# [The problem]
Copy out every line of the records in which "surface" can be found.

# [Records provided]
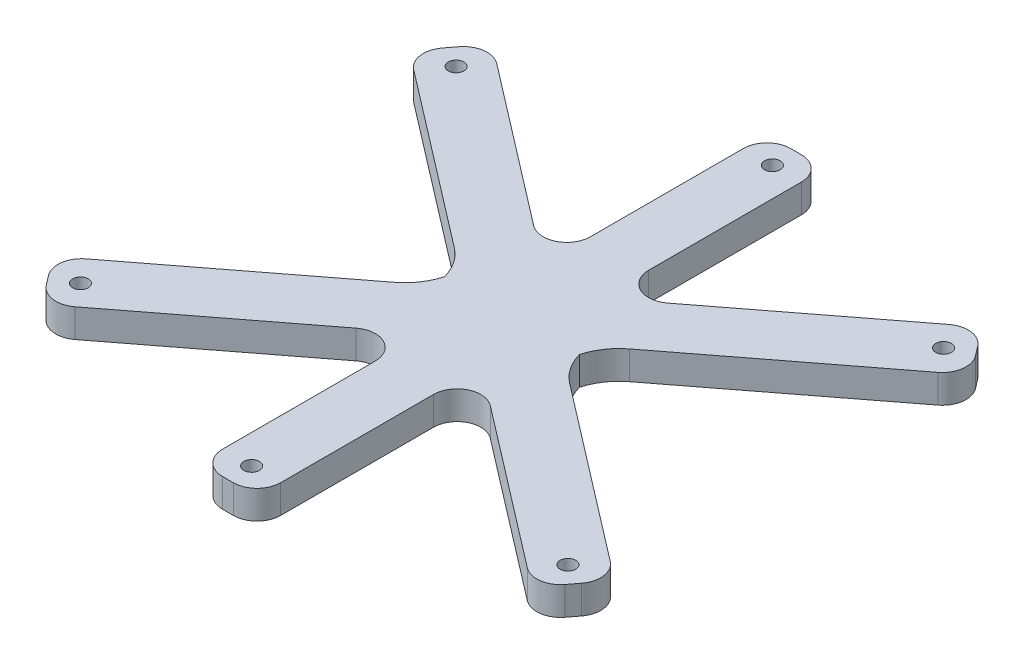
SolidWorks part; units mm, degrees
ref_plane "Front Plane" through (0, 0, 0) normal (0, 0, 1) x (1, 0, 0)
ref_plane "Top Plane" through (0, 0, 0) normal (0, 1, 0) x (1, 0, 0)
ref_plane "Right Plane" through (0, 0, 0) normal (1, 0, 0) x (0, 0, -1)
sketch "Sketch1" plane through (0, 0, 0) normal (0, 1, 0) x (1, 0, 0)
  circle A0 centre (0, 0) radius 14
  dimension "D1" = 28
extrude "Boss-Extrude1" add sketch "Sketch1" along normal blind 6
sketch "Sketch2" plane through (0, 0, 0) normal (0, 1, 0) x (1, 0, 0)
  line L0 (-13.7435, 2.6678) -> (-59.3395, 37.6548)
  line L1 (0.2695, -0.2068) -> (-63.7589, 48.924) construction
  line L2 (-51.73, 47.5718) -> (-6.134, 12.5847)
  line L3 (0, 37.6664) -> (0, -25.0328) construction
  line L4 (-51.73, 47.5718) -> (-59.3395, 37.6548)
  circle A0 centre (0, 0) radius 14 construction
  arc A1 (-6.134, 12.5847) -> (-13.7435, 2.6678) centre (0, 0) ccw
  point P9 (-55.5347, 42.6133)
  dimension "D1" = 70
  dimension "D2" = 52.5
  dimension "D3" = 12.5
extrude "Boss-Extrude2" add sketch "Sketch2" along normal up to surface (6 mm away) up to face at (0, 6, 14)
mirror "Mirror1" about plane through (0, 0, 0) normal (1, 0, 0) of "Boss-Extrude2"
mirror "Mirror2" about plane through (0, 0, 0) normal (0, 0, 1) of "Mirror1", "Boss-Extrude2"
sketch "Sketch4" plane through (0, 6, 0) normal (0, 1, 0) x (1, 0, 0)
  line L0 (0, 65.599) -> (0, -44.8835) construction
  line L1 (-6.134, 60) -> (-6.134, 12.5847)
  line L2 (-6.134, 60) -> (6.134, 60)
  line L3 (6.134, 60) -> (6.134, 12.5847)
  arc A2 (6.134, 12.5847) -> (-6.134, 12.5847) centre (0, 0) ccw construction
  arc A3 (6.134, 12.5847) -> (-6.134, 12.5847) centre (0, 0) ccw
  point P1 (0, 0)
  point P8 (0, 60)
  point P12 (0, 0)
  point P13 (0, 0)
  point P14 (0, 0)
  point P15 (6.134, 12.5847)
  dimension "D2" = 60
extrude "Boss-Extrude4" add sketch "Sketch4" against normal up to surface (6 mm away) up to face at (0, 0, 0)
mirror "Mirror6" about plane through (0, 0, 0) normal (0, 0, 1) of "Boss-Extrude4"
fillet "Fillet4" radius 5 4 edges at (6.134, 3, 12.5847) (-6.134, 3, 12.5847) (6.134, 3, -12.5847) (-6.134, 3, -12.5847)
fillet "Fillet5" radius 12 4 edges at (-13.7435, 3, 2.6678) (-13.7435, 3, -2.6678) (13.7435, 3, 2.6678) (13.7435, 3, -2.6678)
sketch "Sketch3" plane through (0, 6, 0) normal (0, 1, 0) x (1, 0, 0)
  line L0 (1.091, 1.4657) -> (-89.0465, 66.965) construction
  line L1 (-51.73, 47.5718) -> (-59.3395, 37.6548) construction
  circle A0 centre (-51.4885, 39.6731) radius 1.65
  point P3 (-46.9598, 36.0335)
  point P7 (-55.5347, 42.6133)
  dimension "D1" = 3.3
  dimension "D2" = 5
extrude "Cut-Extrude1" cut sketch "Sketch3" against normal through all
mirror "Mirror3" about plane through (0, 0, 0) normal (1, 0, 0) of "Cut-Extrude1"
mirror "Mirror4" about plane through (0, 0, 0) normal (0, 0, 1) of "Mirror3", "Cut-Extrude1"
sketch "Sketch5" plane through (0, 6, 0) normal (0, 1, 0) x (1, 0, 0)
  line L0 (6.134, 60) -> (-6.134, 60) construction
  circle A0 centre (0, 55) radius 1.65
  dimension "D1" = 3.3
  dimension "D2" = 5
extrude "Cut-Extrude2" cut sketch "Sketch5" against normal through all
mirror "Mirror7" about plane through (0, 0, 0) normal (0, 0, 1) of "Cut-Extrude2"
fillet "Fillet3" radius 5 12 edges at (51.73, 3, 47.5718) (59.3395, 3, 37.6548) (59.3395, 3, -37.6548) (51.73, 3, -47.5718) (-51.73, 3, -47.5718) (-59.3395, 3, -37.6548) (-59.3395, 3, 37.6548) (-51.73, 3, 47.5718) (-6.134, 3, -60) (6.134, 3, -60) (-6.134, 3, 60) (6.134, 3, 60)

# [Written solution]
extrude "Boss-Extrude2" add sketch "Sketch2" along normal up to surface (6 mm away) up to face at (0, 6, 14)
extrude "Boss-Extrude4" add sketch "Sketch4" against normal up to surface (6 mm away) up to face at (0, 0, 0)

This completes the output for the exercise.